Now for my problem: If I assign $c = 1$, then function $w(v)$ for each vertex:

$w(v) = 1 * deg(v) = deg(v)$.
$min{(w(v) / deg(v))} = min{(deg(v)/deg(v))} = 1$.
$t(v) = deg(v)$
$w'(v) = deg(v) - deg(v) = 0$.

So for all vertices in step one I have weights 0 ALWAYS. Am I missing something? Should $c$ vary for each vertex? If so, how should I assign $c$ to vertices? Is there some range of integers? Example of using this algorithm on a small graph would be nice, because I am not very good at reading Math notation

Answer 1

You use the wrong definition for $t(v)$. Instead of $c*deg(v)$ it is defined as $c*\delta(v)$ the decrease in cyclomatic number after removing $v$.

Answer 2

You should search "local ratio for approximation algorithms". This is the popular name of the layering algorithm in Vazirani's book. Bar-Yehuda has many papers on it. Below is the link to one of them: https://www.sciencedirect.com/science/article/abs/pii/S0304020808731013

Answer 3

First of all, the value of $c$ is calculating in each iteration using this formula: $$c=\min\left( \frac{w(v)}{\deg(v)} \right),$$ and there is no constant $c$ for assigning weight to all vertices.

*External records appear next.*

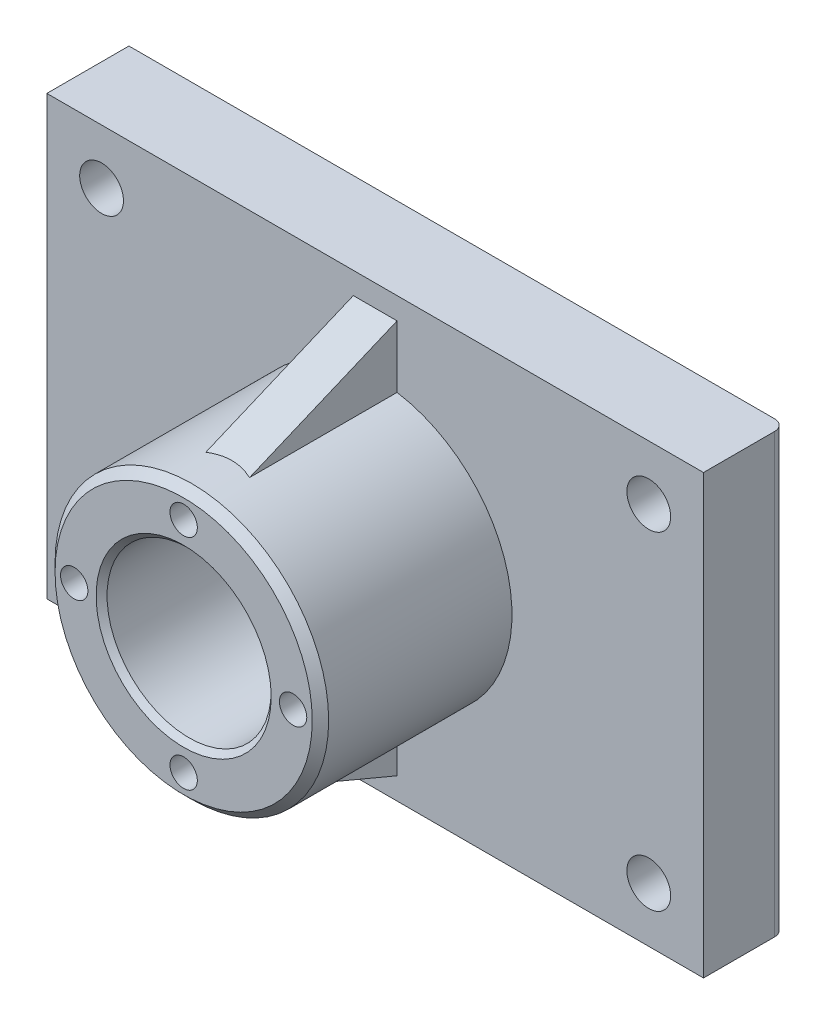
SolidWorks part; units mm, degrees
material "AISI 1020"
ref_plane "前视基准面" through (0, 0, 0) normal (0, 0, 1) x (1, 0, 0)
ref_plane "上视基准面" through (0, 0, 0) normal (0, 1, 0) x (1, 0, 0)
ref_plane "右视基准面" through (0, 0, 0) normal (1, 0, 0) x (0, 0, -1)
other "Configuration Table"
sketch "Sketch1" plane through (0, 0, 0) normal (0, 0, 1) x (1, 0, 0)
  line L1 (-60, -40) -> (60, -40)
  line L2 (-60, -40) -> (-60, 40)
  line L3 (-60, 40) -> (60, 40)
  line L4 (60, -40) -> (60, 40)
extrude "Boss-Extrude1" add sketch "Sketch1" along normal blind 15
sketch "Sketch2" plane through (0, 0, 15) normal (0, 0, 1) x (1, 0, 0)
  circle A0 centre (0, 0) radius 25
extrude "Boss-Extrude2" add sketch "Sketch2" along normal blind 35
sketch "Sketch3" plane through (0, 0, 50) normal (0, 0, 1) x (1, 0, 0)
  circle A0 centre (0, 0) radius 15
extrude "Cut-Extrude1" cut sketch "Sketch3" against normal through all
sketch "Sketch4" plane through (0, 0, 15) normal (0, 0, 1) x (1, 0, 0)
  circle A0 centre (-50, 30) radius 4
extrude "Cut-Extrude2" cut sketch "Sketch4" against normal through all
pattern_linear "LPattern1" count 2 spacing 100 along (1, 0, 0) of "Cut-Extrude2"
mirror "Mirror1" about plane through (0, 0, 0) normal (0, 1, 0) of "LPattern1", "Cut-Extrude2"
sketch "Sketch5" plane through (0, 0, 50) normal (0, 0, 1) x (1, 0, 0)
  circle A0 centre (20, 0) radius 2.5
extrude "Cut-Extrude3" cut sketch "Sketch5" against normal blind 12
ref_axis "Axis1" through (0, 0, 52.5) along (0, 0, -1)
pattern_circular "CirPattern1" count 4 over 360 about axis through (0, 0, 52.5) along (0, 0, -1) of "Cut-Extrude3"
chamfer "Chamfer1" distance 1.5 angle 45 1 edges at (25, 0, 50) tangent propagation no
chamfer "Chamfer2" distance 1 angle 45 1 edges at (15, 0, 50) tangent propagation no
sketch "Sketch6" plane through (0, 0, 0) normal (1, 0, 0) x (0, 0, -1)
  line L0 (40, 15) -> (25, 40)
sketch "Sketch7" plane through (0, 0, 0) normal (1, 0, 0) x (0, 0, -1)
  line L0 (-40, 15) -> (-25, 40)
sketch "Sketch8" plane through (0, 0, 0) normal (1, 0, 0) x (0, 0, -1)
  line L0 (-15, 36) -> (-40, 25.5)
rib "Rib6" sketch "Sketch8<2>" sketch "Sketch8<2>" thickness 8 extrusion direction parallel to sketch draft on no parameters "D1"=8
sketch "Sketch8<2>" plane through (0, 0, 0) normal (1, 0, 0) x (0, 0, -1) same geometry as "Sketch8"
sketch "Sketch9" plane through (0, 0, 0) normal (1, 0, 0) x (0, 0, -1)
  line L0 (-15, -36) -> (-40, -25.5)
rib "Rib7" sketch "Sketch9" sketch "Sketch9" thickness 8 extrusion direction parallel to sketch draft on no parameters "D1"=8
fillet "Fillet2" radius 2 1 edges at (60, 0, 0)

Second, $c$ is a real parameter, not an integer.

Third, I think, in Vijay V. Vazirani's "Approximation Algorithms" book, page 19, first equation is wrong and had to define as follow: $$ w(v)\le\sum_{i\le j}t_i(v) $$ or

$$ w(v)=t_j(v). $$

Because $v \in W_j$ and in $j^{th}$ iteration $w'_j(v)=w(v)-t_j(v)=0\Rightarrow w(v)=t_j(v)$.